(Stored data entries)

★ ★ ★ ★

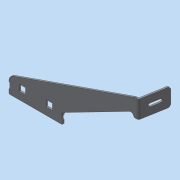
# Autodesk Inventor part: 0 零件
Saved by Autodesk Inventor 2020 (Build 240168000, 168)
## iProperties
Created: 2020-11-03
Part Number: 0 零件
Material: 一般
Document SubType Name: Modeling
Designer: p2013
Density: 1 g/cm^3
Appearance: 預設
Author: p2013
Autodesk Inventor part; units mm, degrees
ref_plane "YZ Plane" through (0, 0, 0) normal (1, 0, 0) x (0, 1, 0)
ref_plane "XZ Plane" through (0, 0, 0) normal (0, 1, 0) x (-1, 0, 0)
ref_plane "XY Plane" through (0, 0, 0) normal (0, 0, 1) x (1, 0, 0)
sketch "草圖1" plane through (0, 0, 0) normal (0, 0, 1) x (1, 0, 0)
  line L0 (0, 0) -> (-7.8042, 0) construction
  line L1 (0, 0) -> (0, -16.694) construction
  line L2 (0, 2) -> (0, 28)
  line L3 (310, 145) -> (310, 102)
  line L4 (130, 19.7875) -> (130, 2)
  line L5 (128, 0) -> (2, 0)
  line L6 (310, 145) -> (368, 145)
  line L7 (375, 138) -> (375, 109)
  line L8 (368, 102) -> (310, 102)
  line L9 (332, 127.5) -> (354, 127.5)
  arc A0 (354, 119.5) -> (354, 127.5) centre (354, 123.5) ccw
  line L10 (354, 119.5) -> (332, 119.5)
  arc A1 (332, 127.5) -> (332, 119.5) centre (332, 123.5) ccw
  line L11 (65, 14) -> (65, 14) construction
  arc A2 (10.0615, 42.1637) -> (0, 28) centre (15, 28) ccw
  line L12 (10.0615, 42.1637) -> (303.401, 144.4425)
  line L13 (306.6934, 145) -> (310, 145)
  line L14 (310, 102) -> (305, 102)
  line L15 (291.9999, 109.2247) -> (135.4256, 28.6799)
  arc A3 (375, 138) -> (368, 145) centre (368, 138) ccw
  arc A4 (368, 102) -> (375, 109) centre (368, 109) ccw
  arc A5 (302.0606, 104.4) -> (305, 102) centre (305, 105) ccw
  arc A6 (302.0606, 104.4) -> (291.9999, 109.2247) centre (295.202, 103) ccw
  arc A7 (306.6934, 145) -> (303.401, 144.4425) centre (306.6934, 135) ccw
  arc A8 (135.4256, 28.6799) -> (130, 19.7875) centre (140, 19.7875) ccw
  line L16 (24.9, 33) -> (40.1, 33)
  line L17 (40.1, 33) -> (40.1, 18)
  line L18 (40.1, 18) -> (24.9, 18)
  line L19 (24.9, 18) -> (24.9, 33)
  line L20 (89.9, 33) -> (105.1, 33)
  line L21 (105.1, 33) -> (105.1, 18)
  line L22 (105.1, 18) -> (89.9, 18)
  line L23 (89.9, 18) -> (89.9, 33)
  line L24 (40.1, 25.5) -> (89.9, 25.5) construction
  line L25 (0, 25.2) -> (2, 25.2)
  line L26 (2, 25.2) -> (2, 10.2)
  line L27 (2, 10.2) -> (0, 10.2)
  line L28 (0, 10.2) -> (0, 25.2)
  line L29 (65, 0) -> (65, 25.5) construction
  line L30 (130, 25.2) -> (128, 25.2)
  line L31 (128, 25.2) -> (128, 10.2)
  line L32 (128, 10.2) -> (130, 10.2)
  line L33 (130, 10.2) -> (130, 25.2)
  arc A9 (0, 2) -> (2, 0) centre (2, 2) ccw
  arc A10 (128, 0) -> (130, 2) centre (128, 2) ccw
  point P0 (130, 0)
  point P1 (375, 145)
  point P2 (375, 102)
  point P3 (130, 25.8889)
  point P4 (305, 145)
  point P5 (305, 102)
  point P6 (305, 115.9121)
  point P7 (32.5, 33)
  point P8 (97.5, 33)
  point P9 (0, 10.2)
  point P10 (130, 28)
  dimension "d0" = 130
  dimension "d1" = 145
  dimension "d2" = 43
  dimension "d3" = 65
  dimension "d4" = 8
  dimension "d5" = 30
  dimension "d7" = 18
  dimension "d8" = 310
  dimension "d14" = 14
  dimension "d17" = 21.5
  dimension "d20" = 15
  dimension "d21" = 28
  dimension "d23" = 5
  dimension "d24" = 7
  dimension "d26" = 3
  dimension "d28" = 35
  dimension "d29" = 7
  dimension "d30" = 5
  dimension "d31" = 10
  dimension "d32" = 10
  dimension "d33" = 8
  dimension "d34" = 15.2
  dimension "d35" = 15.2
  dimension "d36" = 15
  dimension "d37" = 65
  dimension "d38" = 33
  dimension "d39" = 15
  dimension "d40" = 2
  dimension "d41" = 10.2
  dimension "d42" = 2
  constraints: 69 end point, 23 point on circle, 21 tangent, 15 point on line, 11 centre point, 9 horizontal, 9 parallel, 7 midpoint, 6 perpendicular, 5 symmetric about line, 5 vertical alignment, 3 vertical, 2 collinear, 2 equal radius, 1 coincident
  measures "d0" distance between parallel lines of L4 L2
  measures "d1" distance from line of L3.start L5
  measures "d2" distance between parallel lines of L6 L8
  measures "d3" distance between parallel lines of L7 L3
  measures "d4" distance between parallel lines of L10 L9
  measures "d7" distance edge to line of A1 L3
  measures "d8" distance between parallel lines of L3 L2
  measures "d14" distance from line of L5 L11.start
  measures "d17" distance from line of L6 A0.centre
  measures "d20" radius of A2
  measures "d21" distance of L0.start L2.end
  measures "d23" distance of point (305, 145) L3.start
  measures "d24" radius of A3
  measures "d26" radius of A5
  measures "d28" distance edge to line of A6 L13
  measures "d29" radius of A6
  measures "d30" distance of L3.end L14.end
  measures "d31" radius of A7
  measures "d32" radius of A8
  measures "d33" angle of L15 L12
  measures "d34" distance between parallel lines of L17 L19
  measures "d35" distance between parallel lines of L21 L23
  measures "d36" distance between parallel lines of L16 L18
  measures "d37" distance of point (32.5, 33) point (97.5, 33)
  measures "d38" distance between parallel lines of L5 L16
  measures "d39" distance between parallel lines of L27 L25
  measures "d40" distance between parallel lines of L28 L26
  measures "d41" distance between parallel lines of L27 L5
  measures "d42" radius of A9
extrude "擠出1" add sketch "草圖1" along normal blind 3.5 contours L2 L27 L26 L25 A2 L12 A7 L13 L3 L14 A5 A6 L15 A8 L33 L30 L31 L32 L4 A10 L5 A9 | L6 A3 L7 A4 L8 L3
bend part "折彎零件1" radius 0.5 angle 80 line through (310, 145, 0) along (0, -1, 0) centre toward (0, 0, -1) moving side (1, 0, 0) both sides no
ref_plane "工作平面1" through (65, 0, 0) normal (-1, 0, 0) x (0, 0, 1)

★ ★ ★ ★

Exercise brief
Wherever the string "edge" appears in the data above, copy the line it sits in.

Reply to the exercise
  measures "d7" distance edge to line of A1 L3
  measures "d28" distance edge to line of A6 L13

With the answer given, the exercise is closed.